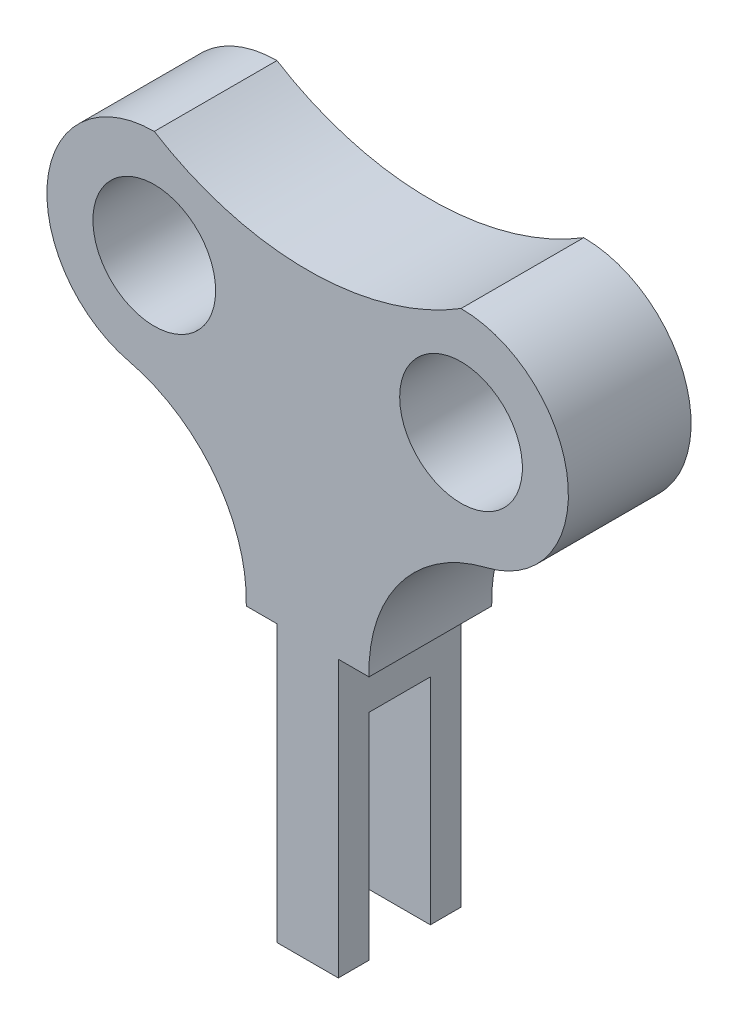
ISO-10303-21;
HEADER;
FILE_DESCRIPTION(('STEP AP214'),'2;1');
FILE_NAME('part.step','',(''),(''),'','','');
FILE_SCHEMA(('AUTOMOTIVE_DESIGN { 1 0 10303 214 1 1 1 1 }'));
ENDSEC;
DATA;
#1=APPLICATION_CONTEXT('core data for automotive mechanical design processes');
#2=APPLICATION_PROTOCOL_DEFINITION('international standard','automotive_design',2000,#1);
#3=PRODUCT_CONTEXT('',#1,'mechanical');
#4=PRODUCT('Part','Part','',(#3));
#5=PRODUCT_RELATED_PRODUCT_CATEGORY('part','',(#4));
#6=PRODUCT_DEFINITION_FORMATION('','',#4);
#7=PRODUCT_DEFINITION_CONTEXT('part definition',#1,'design');
#8=PRODUCT_DEFINITION('design','',#6,#7);
#9=PRODUCT_DEFINITION_SHAPE('','',#8);
#10=(LENGTH_UNIT() NAMED_UNIT(*) SI_UNIT(.MILLI.,.METRE.));
#11=(NAMED_UNIT(*) PLANE_ANGLE_UNIT() SI_UNIT($,.RADIAN.));
#12=(NAMED_UNIT(*) SI_UNIT($,.STERADIAN.) SOLID_ANGLE_UNIT());
#13=UNCERTAINTY_MEASURE_WITH_UNIT(LENGTH_MEASURE(1.E-05),#10,'distance_accuracy_value','');
#14=(GEOMETRIC_REPRESENTATION_CONTEXT(3) GLOBAL_UNCERTAINTY_ASSIGNED_CONTEXT((#13)) GLOBAL_UNIT_ASSIGNED_CONTEXT((#10,
#11,#12)) REPRESENTATION_CONTEXT('',''));
#15=CARTESIAN_POINT('',(0.,0.,0.));
#16=DIRECTION('',(0.,0.,1.));
#17=DIRECTION('',(1.,0.,0.));
#18=AXIS2_PLACEMENT_3D('',#15,#16,#17);
#19=CARTESIAN_POINT('',(-4.99999999999998,-87.,20.));
#20=DIRECTION('',(0.,1.,0.));
#21=DIRECTION('',(0.,0.,1.));
#22=AXIS2_PLACEMENT_3D('',#19,#20,#21);
#23=PLANE('',#22);
#24=DIRECTION('',(0.,0.,-1.));
#25=VECTOR('',#24,1.);
#26=CARTESIAN_POINT('',(-4.99999999999998,-87.,20.));
#27=LINE('',#26,#25);
#28=CARTESIAN_POINT('',(-4.99999999999998,-87.,20.));
#29=VERTEX_POINT('',#28);
#30=CARTESIAN_POINT('',(-4.99999999999998,-87.,15.));
#31=VERTEX_POINT('',#30);
#32=EDGE_CURVE('E213',#29,#31,#27,.T.);
#33=ORIENTED_EDGE('',*,*,#32,.T.);
#34=DIRECTION('',(1.,0.,0.));
#35=VECTOR('',#34,1.);
#36=CARTESIAN_POINT('',(-41.4005494464026,-87.,15.));
#37=LINE('',#36,#35);
#38=CARTESIAN_POINT('',(5.00000000000002,-87.,15.));
#39=VERTEX_POINT('',#38);
#40=EDGE_CURVE('E284',#31,#39,#37,.T.);
#41=ORIENTED_EDGE('',*,*,#40,.T.);
#42=DIRECTION('',(0.,0.,-1.));
#43=VECTOR('',#42,1.);
#44=CARTESIAN_POINT('',(5.00000000000002,-87.,20.));
#45=LINE('',#44,#43);
#46=CARTESIAN_POINT('',(5.00000000000002,-87.,20.));
#47=VERTEX_POINT('',#46);
#48=EDGE_CURVE('E208',#47,#39,#45,.T.);
#49=ORIENTED_EDGE('',*,*,#48,.F.);
#50=DIRECTION('',(1.,0.,0.));
#51=VECTOR('',#50,1.);
#52=CARTESIAN_POINT('',(-4.99999999999998,-87.,20.));
#53=LINE('',#52,#51);
#54=EDGE_CURVE('E253',#29,#47,#53,.T.);
#55=ORIENTED_EDGE('',*,*,#54,.F.);
#56=EDGE_LOOP('',(#33,#41,#49,#55));
#57=FACE_BOUND('',#56,.T.);
#58=ADVANCED_FACE('F41',(#57),#23,.F.);
#59=CARTESIAN_POINT('',(0.,58.,20.));
#60=DIRECTION('',(0.,0.,1.));
#61=DIRECTION('',(1.,0.,0.));
#62=AXIS2_PLACEMENT_3D('',#59,#60,#61);
#63=PLANE('',#62);
#64=CARTESIAN_POINT('',(-25.,0.,20.));
#65=DIRECTION('',(0.,0.,1.));
#66=DIRECTION('',(1.,0.,0.));
#67=AXIS2_PLACEMENT_3D('',#64,#65,#66);
#68=CIRCLE('',#67,10.);
#69=CARTESIAN_POINT('',(-15.,0.,20.));
#70=VERTEX_POINT('',#69);
#71=EDGE_CURVE('E173',#70,#70,#68,.T.);
#72=ORIENTED_EDGE('',*,*,#71,.F.);
#73=EDGE_LOOP('',(#72));
#74=FACE_BOUND('',#73,.T.);
#75=CARTESIAN_POINT('',(0.,58.,20.));
#76=DIRECTION('',(0.,0.,-1.));
#77=DIRECTION('',(1.,0.,0.));
#78=AXIS2_PLACEMENT_3D('',#75,#76,#77);
#79=CIRCLE('',#78,47.594642555649);
#80=CARTESIAN_POINT('',(25.,17.5,20.));
#81=VERTEX_POINT('',#80);
#82=CARTESIAN_POINT('',(-25.,17.5,20.));
#83=VERTEX_POINT('',#82);
#84=EDGE_CURVE('E200',#81,#83,#79,.T.);
#85=ORIENTED_EDGE('',*,*,#84,.T.);
#86=CARTESIAN_POINT('',(-25.,0.,20.));
#87=DIRECTION('',(0.,0.,1.));
#88=DIRECTION('',(1.,0.,0.));
#89=AXIS2_PLACEMENT_3D('',#86,#87,#88);
#90=CIRCLE('',#89,17.5);
#91=CARTESIAN_POINT('',(-29.1137151317504,-17.0096251520958,20.));
#92=VERTEX_POINT('',#91);
#93=EDGE_CURVE('E113',#83,#92,#90,.T.);
#94=ORIENTED_EDGE('',*,*,#93,.T.);
#95=CARTESIAN_POINT('',(-34.990451034251,-41.3090896550897,20.));
#96=DIRECTION('',(0.,0.,-1.));
#97=DIRECTION('',(1.,0.,0.));
#98=AXIS2_PLACEMENT_3D('',#95,#96,#97);
#99=CIRCLE('',#98,25.);
#100=CARTESIAN_POINT('',(-9.99999999999999,-42.,20.));
#101=VERTEX_POINT('',#100);
#102=EDGE_CURVE('E231',#92,#101,#99,.T.);
#103=ORIENTED_EDGE('',*,*,#102,.T.);
#104=DIRECTION('',(1.,0.,0.));
#105=VECTOR('',#104,1.);
#106=CARTESIAN_POINT('',(-9.99999999999999,-42.,20.));
#107=LINE('',#106,#105);
#108=CARTESIAN_POINT('',(-4.99999999999999,-42.,20.));
#109=VERTEX_POINT('',#108);
#110=EDGE_CURVE('E254',#101,#109,#107,.T.);
#111=ORIENTED_EDGE('',*,*,#110,.T.);
#112=DIRECTION('',(0.,-1.,0.));
#113=VECTOR('',#112,1.);
#114=CARTESIAN_POINT('',(-4.99999999999998,-87.,20.));
#115=LINE('',#114,#113);
#116=EDGE_CURVE('E249',#109,#29,#115,.T.);
#117=ORIENTED_EDGE('',*,*,#116,.T.);
#118=ORIENTED_EDGE('',*,*,#54,.T.);
#119=DIRECTION('',(0.,1.,0.));
#120=VECTOR('',#119,1.);
#121=CARTESIAN_POINT('',(5.00000000000002,-87.,20.));
#122=LINE('',#121,#120);
#123=CARTESIAN_POINT('',(5.00000000000002,-42.,20.));
#124=VERTEX_POINT('',#123);
#125=EDGE_CURVE('E143',#47,#124,#122,.T.);
#126=ORIENTED_EDGE('',*,*,#125,.T.);
#127=DIRECTION('',(1.,0.,0.));
#128=VECTOR('',#127,1.);
#129=CARTESIAN_POINT('',(5.00000000000002,-42.,20.));
#130=LINE('',#129,#128);
#131=CARTESIAN_POINT('',(10.,-42.,20.));
#132=VERTEX_POINT('',#131);
#133=EDGE_CURVE('E135',#124,#132,#130,.T.);
#134=ORIENTED_EDGE('',*,*,#133,.T.);
#135=CARTESIAN_POINT('',(34.990451034251,-41.3090896550897,20.));
#136=DIRECTION('',(0.,0.,-1.));
#137=DIRECTION('',(-1.,0.,0.));
#138=AXIS2_PLACEMENT_3D('',#135,#136,#137);
#139=CIRCLE('',#138,25.);
#140=CARTESIAN_POINT('',(29.1137151317504,-17.0096251520958,20.));
#141=VERTEX_POINT('',#140);
#142=EDGE_CURVE('E140',#132,#141,#139,.T.);
#143=ORIENTED_EDGE('',*,*,#142,.T.);
#144=CARTESIAN_POINT('',(25.,0.,20.));
#145=DIRECTION('',(0.,0.,1.));
#146=DIRECTION('',(-1.,0.,0.));
#147=AXIS2_PLACEMENT_3D('',#144,#145,#146);
#148=CIRCLE('',#147,17.5);
#149=EDGE_CURVE('E66',#141,#81,#148,.T.);
#150=ORIENTED_EDGE('',*,*,#149,.T.);
#151=EDGE_LOOP('',(#85,#94,#103,#111,#117,#118,#126,#134,#143,#150));
#152=FACE_BOUND('',#151,.T.);
#153=CARTESIAN_POINT('',(25.,0.,20.));
#154=DIRECTION('',(0.,0.,1.));
#155=DIRECTION('',(-1.,0.,0.));
#156=AXIS2_PLACEMENT_3D('',#153,#154,#155);
#157=CIRCLE('',#156,10.);
#158=CARTESIAN_POINT('',(15.,0.,20.));
#159=VERTEX_POINT('',#158);
#160=EDGE_CURVE('E272',#159,#159,#157,.T.);
#161=ORIENTED_EDGE('',*,*,#160,.F.);
#162=EDGE_LOOP('',(#161));
#163=FACE_BOUND('',#162,.T.);
#164=ADVANCED_FACE('F137',(#74,#152,#163),#63,.T.);
#165=CARTESIAN_POINT('',(0.,58.,0.));
#166=DIRECTION('',(0.,0.,1.));
#167=DIRECTION('',(1.,0.,0.));
#168=AXIS2_PLACEMENT_3D('',#165,#166,#167);
#169=PLANE('',#168);
#170=CARTESIAN_POINT('',(0.,58.,0.));
#171=DIRECTION('',(0.,0.,-1.));
#172=DIRECTION('',(1.,0.,0.));
#173=AXIS2_PLACEMENT_3D('',#170,#171,#172);
#174=CIRCLE('',#173,47.594642555649);
#175=CARTESIAN_POINT('',(25.,17.5,0.));
#176=VERTEX_POINT('',#175);
#177=CARTESIAN_POINT('',(-25.,17.5,0.));
#178=VERTEX_POINT('',#177);
#179=EDGE_CURVE('E168',#176,#178,#174,.T.);
#180=ORIENTED_EDGE('',*,*,#179,.F.);
#181=CARTESIAN_POINT('',(25.,0.,0.));
#182=DIRECTION('',(0.,0.,1.));
#183=DIRECTION('',(-1.,0.,0.));
#184=AXIS2_PLACEMENT_3D('',#181,#182,#183);
#185=CIRCLE('',#184,17.5);
#186=CARTESIAN_POINT('',(29.1137151317504,-17.0096251520958,0.));
#187=VERTEX_POINT('',#186);
#188=EDGE_CURVE('E105',#187,#176,#185,.T.);
#189=ORIENTED_EDGE('',*,*,#188,.F.);
#190=CARTESIAN_POINT('',(34.990451034251,-41.3090896550897,0.));
#191=DIRECTION('',(0.,0.,-1.));
#192=DIRECTION('',(-1.,0.,0.));
#193=AXIS2_PLACEMENT_3D('',#190,#191,#192);
#194=CIRCLE('',#193,25.);
#195=CARTESIAN_POINT('',(10.,-42.,0.));
#196=VERTEX_POINT('',#195);
#197=EDGE_CURVE('E195',#196,#187,#194,.T.);
#198=ORIENTED_EDGE('',*,*,#197,.F.);
#199=DIRECTION('',(1.,0.,0.));
#200=VECTOR('',#199,1.);
#201=CARTESIAN_POINT('',(5.00000000000002,-42.,0.));
#202=LINE('',#201,#200);
#203=CARTESIAN_POINT('',(5.00000000000002,-42.,0.));
#204=VERTEX_POINT('',#203);
#205=EDGE_CURVE('E153',#204,#196,#202,.T.);
#206=ORIENTED_EDGE('',*,*,#205,.F.);
#207=DIRECTION('',(0.,1.,0.));
#208=VECTOR('',#207,1.);
#209=CARTESIAN_POINT('',(5.00000000000002,-87.,0.));
#210=LINE('',#209,#208);
#211=CARTESIAN_POINT('',(5.00000000000002,-87.,0.));
#212=VERTEX_POINT('',#211);
#213=EDGE_CURVE('E190',#212,#204,#210,.T.);
#214=ORIENTED_EDGE('',*,*,#213,.F.);
#215=DIRECTION('',(1.,0.,0.));
#216=VECTOR('',#215,1.);
#217=CARTESIAN_POINT('',(-4.99999999999998,-87.,0.));
#218=LINE('',#217,#216);
#219=CARTESIAN_POINT('',(-4.99999999999998,-87.,0.));
#220=VERTEX_POINT('',#219);
#221=EDGE_CURVE('E186',#220,#212,#218,.T.);
#222=ORIENTED_EDGE('',*,*,#221,.F.);
#223=DIRECTION('',(0.,-1.,0.));
#224=VECTOR('',#223,1.);
#225=CARTESIAN_POINT('',(-4.99999999999998,-87.,0.));
#226=LINE('',#225,#224);
#227=CARTESIAN_POINT('',(-4.99999999999999,-42.,0.));
#228=VERTEX_POINT('',#227);
#229=EDGE_CURVE('E182',#228,#220,#226,.T.);
#230=ORIENTED_EDGE('',*,*,#229,.F.);
#231=DIRECTION('',(1.,0.,0.));
#232=VECTOR('',#231,1.);
#233=CARTESIAN_POINT('',(-9.99999999999999,-42.,0.));
#234=LINE('',#233,#232);
#235=CARTESIAN_POINT('',(-9.99999999999999,-42.,0.));
#236=VERTEX_POINT('',#235);
#237=EDGE_CURVE('E179',#236,#228,#234,.T.);
#238=ORIENTED_EDGE('',*,*,#237,.F.);
#239=CARTESIAN_POINT('',(-34.990451034251,-41.3090896550897,0.));
#240=DIRECTION('',(0.,0.,-1.));
#241=DIRECTION('',(1.,0.,0.));
#242=AXIS2_PLACEMENT_3D('',#239,#240,#241);
#243=CIRCLE('',#242,25.);
#244=CARTESIAN_POINT('',(-29.1137151317504,-17.0096251520958,0.));
#245=VERTEX_POINT('',#244);
#246=EDGE_CURVE('E176',#245,#236,#243,.T.);
#247=ORIENTED_EDGE('',*,*,#246,.F.);
#248=CARTESIAN_POINT('',(-25.,0.,0.));
#249=DIRECTION('',(0.,0.,1.));
#250=DIRECTION('',(1.,0.,0.));
#251=AXIS2_PLACEMENT_3D('',#248,#249,#250);
#252=CIRCLE('',#251,17.5);
#253=EDGE_CURVE('E172',#178,#245,#252,.T.);
#254=ORIENTED_EDGE('',*,*,#253,.F.);
#255=EDGE_LOOP('',(#180,#189,#198,#206,#214,#222,#230,#238,#247,#254));
#256=FACE_BOUND('',#255,.T.);
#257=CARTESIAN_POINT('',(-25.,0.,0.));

=-=-=-=-=

▸ WHAT TO PRODUCE
Repeat each line of the material, unaltered, from the first through the line with "#15=CARTESIAN_POINT('',(0.,0.,0.));", and include no pictures.

▸ FINISHED EXERCISE
ISO-10303-21;
HEADER;
FILE_DESCRIPTION(('STEP AP214'),'2;1');
FILE_NAME('part.step','',(''),(''),'','','');
FILE_SCHEMA(('AUTOMOTIVE_DESIGN { 1 0 10303 214 1 1 1 1 }'));
ENDSEC;
DATA;
#1=APPLICATION_CONTEXT('core data for automotive mechanical design processes');
#2=APPLICATION_PROTOCOL_DEFINITION('international standard','automotive_design',2000,#1);
#3=PRODUCT_CONTEXT('',#1,'mechanical');
#4=PRODUCT('Part','Part','',(#3));
#5=PRODUCT_RELATED_PRODUCT_CATEGORY('part','',(#4));
#6=PRODUCT_DEFINITION_FORMATION('','',#4);
#7=PRODUCT_DEFINITION_CONTEXT('part definition',#1,'design');
#8=PRODUCT_DEFINITION('design','',#6,#7);
#9=PRODUCT_DEFINITION_SHAPE('','',#8);
#10=(LENGTH_UNIT() NAMED_UNIT(*) SI_UNIT(.MILLI.,.METRE.));
#11=(NAMED_UNIT(*) PLANE_ANGLE_UNIT() SI_UNIT($,.RADIAN.));
#12=(NAMED_UNIT(*) SI_UNIT($,.STERADIAN.) SOLID_ANGLE_UNIT());
#13=UNCERTAINTY_MEASURE_WITH_UNIT(LENGTH_MEASURE(1.E-05),#10,'distance_accuracy_value','');
#14=(GEOMETRIC_REPRESENTATION_CONTEXT(3) GLOBAL_UNCERTAINTY_ASSIGNED_CONTEXT((#13)) GLOBAL_UNIT_ASSIGNED_CONTEXT((#10,
#11,#12)) REPRESENTATION_CONTEXT('',''));
#15=CARTESIAN_POINT('',(0.,0.,0.));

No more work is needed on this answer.